AUTHOR=Zhang Yahui , Jiang Zhihao , Qi Lin , Xu Lisheng , Sun Xingguo , Chu Xinmei , Liu Yanling , Zhang Tianjing , Greenwald Stephen E. TITLE=Evaluation of Cardiorespiratory Function During Cardiopulmonary Exercise Testing in Untreated Hypertensive and Healthy Subjects JOURNAL=Frontiers in Physiology VOLUME=9 YEAR=2018 URL=https://www.frontiersin.org/journals/physiology/articles/10.3389/fphys.2018.01590 DOI=10.3389/fphys.2018.01590 ISSN=1664-042X ABSTRACT=

Objective: This study aimed to compare differences in cardiorespiratory function between untreated hypertensive subjects (UHS) and healthy subjects (HS) during cardiopulmonary exercise testing (CPET). Additionally, it also aimed to explore the potential mechanisms of different exercise responses in cardiorespiratory function before, during and after CPET.

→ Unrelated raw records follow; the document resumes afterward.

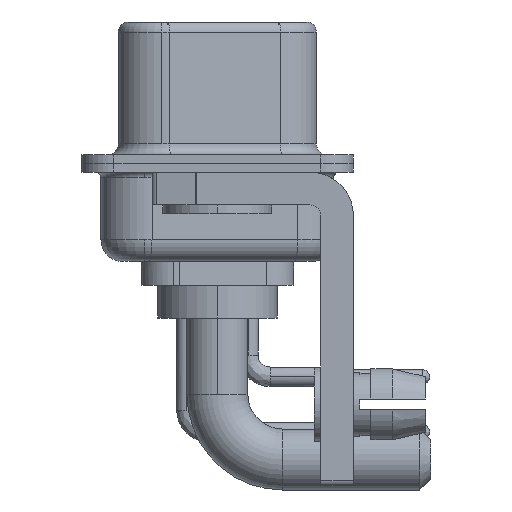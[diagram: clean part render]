
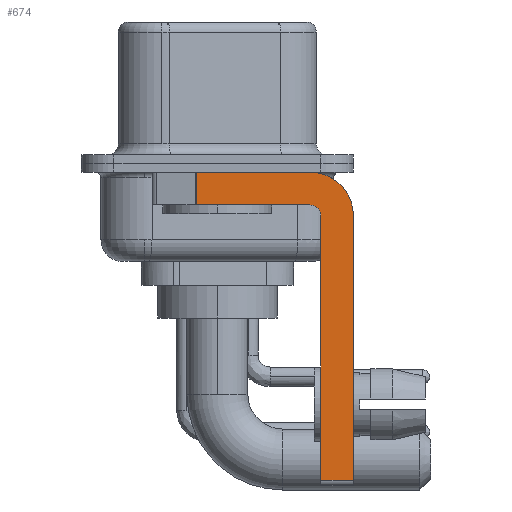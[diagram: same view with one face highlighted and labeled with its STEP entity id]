
A CAD part, left-side view. The second image highlights one B-rep face of the part: STEP entity #674.
In plain terms, the highlighted planar face has unit normal (-1, 0, 0).
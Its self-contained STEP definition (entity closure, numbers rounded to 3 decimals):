
#218 = VERTEX_POINT ( 'NONE', #11683 ) ;
#567 = VECTOR ( 'NONE', #23248, 1000. ) ;
#674 = ADVANCED_FACE ( 'NONE', ( #13684 ), #18843, .F. ) ;
#712 = EDGE_CURVE ( 'NONE', #20029, #10327, #2390, .T. ) ;
#794 = CARTESIAN_POINT ( 'NONE',  ( -2.9, -4.75, -14.8 ) ) ;
#813 = EDGE_CURVE ( 'NONE', #29389, #5083, #29419, .T. ) ;
#940 = DIRECTION ( 'NONE',  ( 0., -1., 0. ) ) ;
#1359 = ORIENTED_EDGE ( 'NONE', *, *, #16977, .F. ) ;
#1376 = DIRECTION ( 'NONE',  ( 1., 0., 0. ) ) ;
#2390 = LINE ( 'NONE', #18386, #22226 ) ;
#3316 = ORIENTED_EDGE ( 'NONE', *, *, #8272, .F. ) ;
#4276 = CARTESIAN_POINT ( 'NONE',  ( -2.9, -4.25, -0.4 ) ) ;
#5083 = VERTEX_POINT ( 'NONE', #4276 ) ;
#5095 = EDGE_CURVE ( 'NONE', #218, #9991, #16345, .T. ) ;
#5305 = VECTOR ( 'NONE', #10338, 1000. ) ;
#5307 = DIRECTION ( 'NONE',  ( -1., 0., 0. ) ) ;
#5595 = CARTESIAN_POINT ( 'NONE',  ( -2.9, 0.978, -1.9 ) ) ;
#5949 = AXIS2_PLACEMENT_3D ( 'NONE', #7052, #5307, #14865 ) ;
#6047 = LINE ( 'NONE', #8845, #567 ) ;
#6118 = CARTESIAN_POINT ( 'NONE',  ( -2.9, -4.75, -14.55 ) ) ;
#6482 = DIRECTION ( 'NONE',  ( 0., 0., -1. ) ) ;
#7052 = CARTESIAN_POINT ( 'NONE',  ( -2.9, -4.25, -2.4 ) ) ;
#7629 = ORIENTED_EDGE ( 'NONE', *, *, #16694, .F. ) ;
#8096 = LINE ( 'NONE', #5595, #15647 ) ;
#8272 = EDGE_CURVE ( 'NONE', #20029, #17105, #10514, .T. ) ;
#8460 = CIRCLE ( 'NONE', #9457, 2. ) ;
#8845 = CARTESIAN_POINT ( 'NONE',  ( -2.9, -6.25, -2.4 ) ) ;
#9457 = AXIS2_PLACEMENT_3D ( 'NONE', #30027, #1376, #20641 ) ;
#9991 = VERTEX_POINT ( 'NONE', #15749 ) ;
#10327 = VERTEX_POINT ( 'NONE', #19251 ) ;
#10338 = DIRECTION ( 'NONE',  ( 0., 0., 1. ) ) ;
#10514 = LINE ( 'NONE', #794, #5305 ) ;
#10736 = DIRECTION ( 'NONE',  ( 0., 0., -1. ) ) ;
#11568 = EDGE_LOOP ( 'NONE', ( #23828, #14520, #28062, #7629, #3316, #18380, #22278, #1359 ) ) ;
#11683 = CARTESIAN_POINT ( 'NONE',  ( -2.9, -4.25, -1.9 ) ) ;
#13684 = FACE_OUTER_BOUND ( 'NONE', #11568, .T. ) ;
#13691 = CARTESIAN_POINT ( 'NONE',  ( -2.9, -4.25, -1.9 ) ) ;
#14102 = CARTESIAN_POINT ( 'NONE',  ( -2.9, -6.25, -2.4 ) ) ;
#14108 = EDGE_CURVE ( 'NONE', #15197, #10327, #6047, .T. ) ;
#14520 = ORIENTED_EDGE ( 'NONE', *, *, #21072, .T. ) ;
#14865 = DIRECTION ( 'NONE',  ( 0., 0., 1. ) ) ;
#15197 = VERTEX_POINT ( 'NONE', #14102 ) ;
#15647 = VECTOR ( 'NONE', #10736, 1000. ) ;
#15749 = CARTESIAN_POINT ( 'NONE',  ( -2.9, 0.978, -1.9 ) ) ;
#16345 = LINE ( 'NONE', #13691, #25517 ) ;
#16694 = EDGE_CURVE ( 'NONE', #17105, #218, #19470, .T. ) ;
#16977 = EDGE_CURVE ( 'NONE', #5083, #15197, #8460, .T. ) ;
#17105 = VERTEX_POINT ( 'NONE', #21575 ) ;
#17689 = CARTESIAN_POINT ( 'NONE',  ( -2.9, 3., -0.4 ) ) ;
#18380 = ORIENTED_EDGE ( 'NONE', *, *, #712, .T. ) ;
#18386 = CARTESIAN_POINT ( 'NONE',  ( -2.9, -4.25, -14.55 ) ) ;
#18843 = PLANE ( 'NONE',  #20729 ) ;
#19251 = CARTESIAN_POINT ( 'NONE',  ( -2.9, -6.25, -14.55 ) ) ;
#19470 = CIRCLE ( 'NONE', #5949, 0.5 ) ;
#20029 = VERTEX_POINT ( 'NONE', #6118 ) ;
#20641 = DIRECTION ( 'NONE',  ( 0., 0., -1. ) ) ;
#20729 = AXIS2_PLACEMENT_3D ( 'NONE', #27906, #23837, #6482 ) ;
#21072 = EDGE_CURVE ( 'NONE', #29389, #9991, #8096, .T. ) ;
#21575 = CARTESIAN_POINT ( 'NONE',  ( -2.9, -4.75, -2.4 ) ) ;
#22226 = VECTOR ( 'NONE', #30708, 1000. ) ;
#22278 = ORIENTED_EDGE ( 'NONE', *, *, #14108, .F. ) ;
#22748 = VECTOR ( 'NONE', #940, 1000. ) ;
#23248 = DIRECTION ( 'NONE',  ( 0., 0., -1. ) ) ;
#23828 = ORIENTED_EDGE ( 'NONE', *, *, #813, .F. ) ;
#23837 = DIRECTION ( 'NONE',  ( 1., 0., 0. ) ) ;
#25517 = VECTOR ( 'NONE', #25884, 1000. ) ;
#25884 = DIRECTION ( 'NONE',  ( 0., 1., 0. ) ) ;
#26379 = CARTESIAN_POINT ( 'NONE',  ( -2.9, 0.978, -0.4 ) ) ;
#27906 = CARTESIAN_POINT ( 'NONE',  ( -2.9, -4.25, -2.4 ) ) ;
#28062 = ORIENTED_EDGE ( 'NONE', *, *, #5095, .F. ) ;
#29389 = VERTEX_POINT ( 'NONE', #26379 ) ;
#29419 = LINE ( 'NONE', #17689, #22748 ) ;
#30027 = CARTESIAN_POINT ( 'NONE',  ( -2.9, -4.25, -2.4 ) ) ;
#30708 = DIRECTION ( 'NONE',  ( 0., -1., 0. ) ) ;

Methods: Thirty subjects (15 UHS and 15 HS) were enrolled. Photoplethysmography (PPG), respiratory signal, and ECG were simultaneously collected while subjects were performing CPET. Fiducial points (a, b, c, d, e) were extracted from the second derivative of the PPG (SDPPG), and the ratios b/a, c/a, d/a, e/a, and (b-c-d-e)/a (named Aging Index, AGI) were calculated as markers of systolic and diastolic function. Additionally, respiratory rate was calculated and analyzed.

Results:Before CPET, there were no significant differences in b/a, d/a, and AGI between two groups. However, after CPET, b/a (−0.9 ± 0.19 vs. −1.06 ± 0.19, p-value = 0.03) and AGI (−0.49 ± 0.75 vs. −1.15 ± 0.59, p-value = 0.011) of the UHS group were significantly higher than those of the HS. The d/a (−0.32 ± 0.24 vs. −0.14 ± 0.17, p-value = 0.024), and c/a (−0.33 ± 0.26 vs. −0.07 ± 0.19, p-value = 0.004) were significantly lower in UHS than those in HS. In contrast, before CPET, e/a (0.22 ± 0.11 vs. 0.32 ± 0.09, p-value = 0.007) in UHS was significantly lower than that in HS, while after CPET there was no significant difference between the two groups in this variable. In addition, during CPET, AGI (p-value = 0.003), and respiratory rate (p-value = 0.000) in UHS were significantly higher in comparison with before CPET.

Conclusions: Different exercise responses showed the differences of cardiorespiratory function between UHS and HS. These differences not only can highlight the CV risk of UHS, but also can predict the appearance of arterial stiffness in UHS. Additionally, during CPET, significant differences in AGI, autonomic nervous function and respiratory activity assessed by respiratory rate were found between the two groups in comparison with before CPET.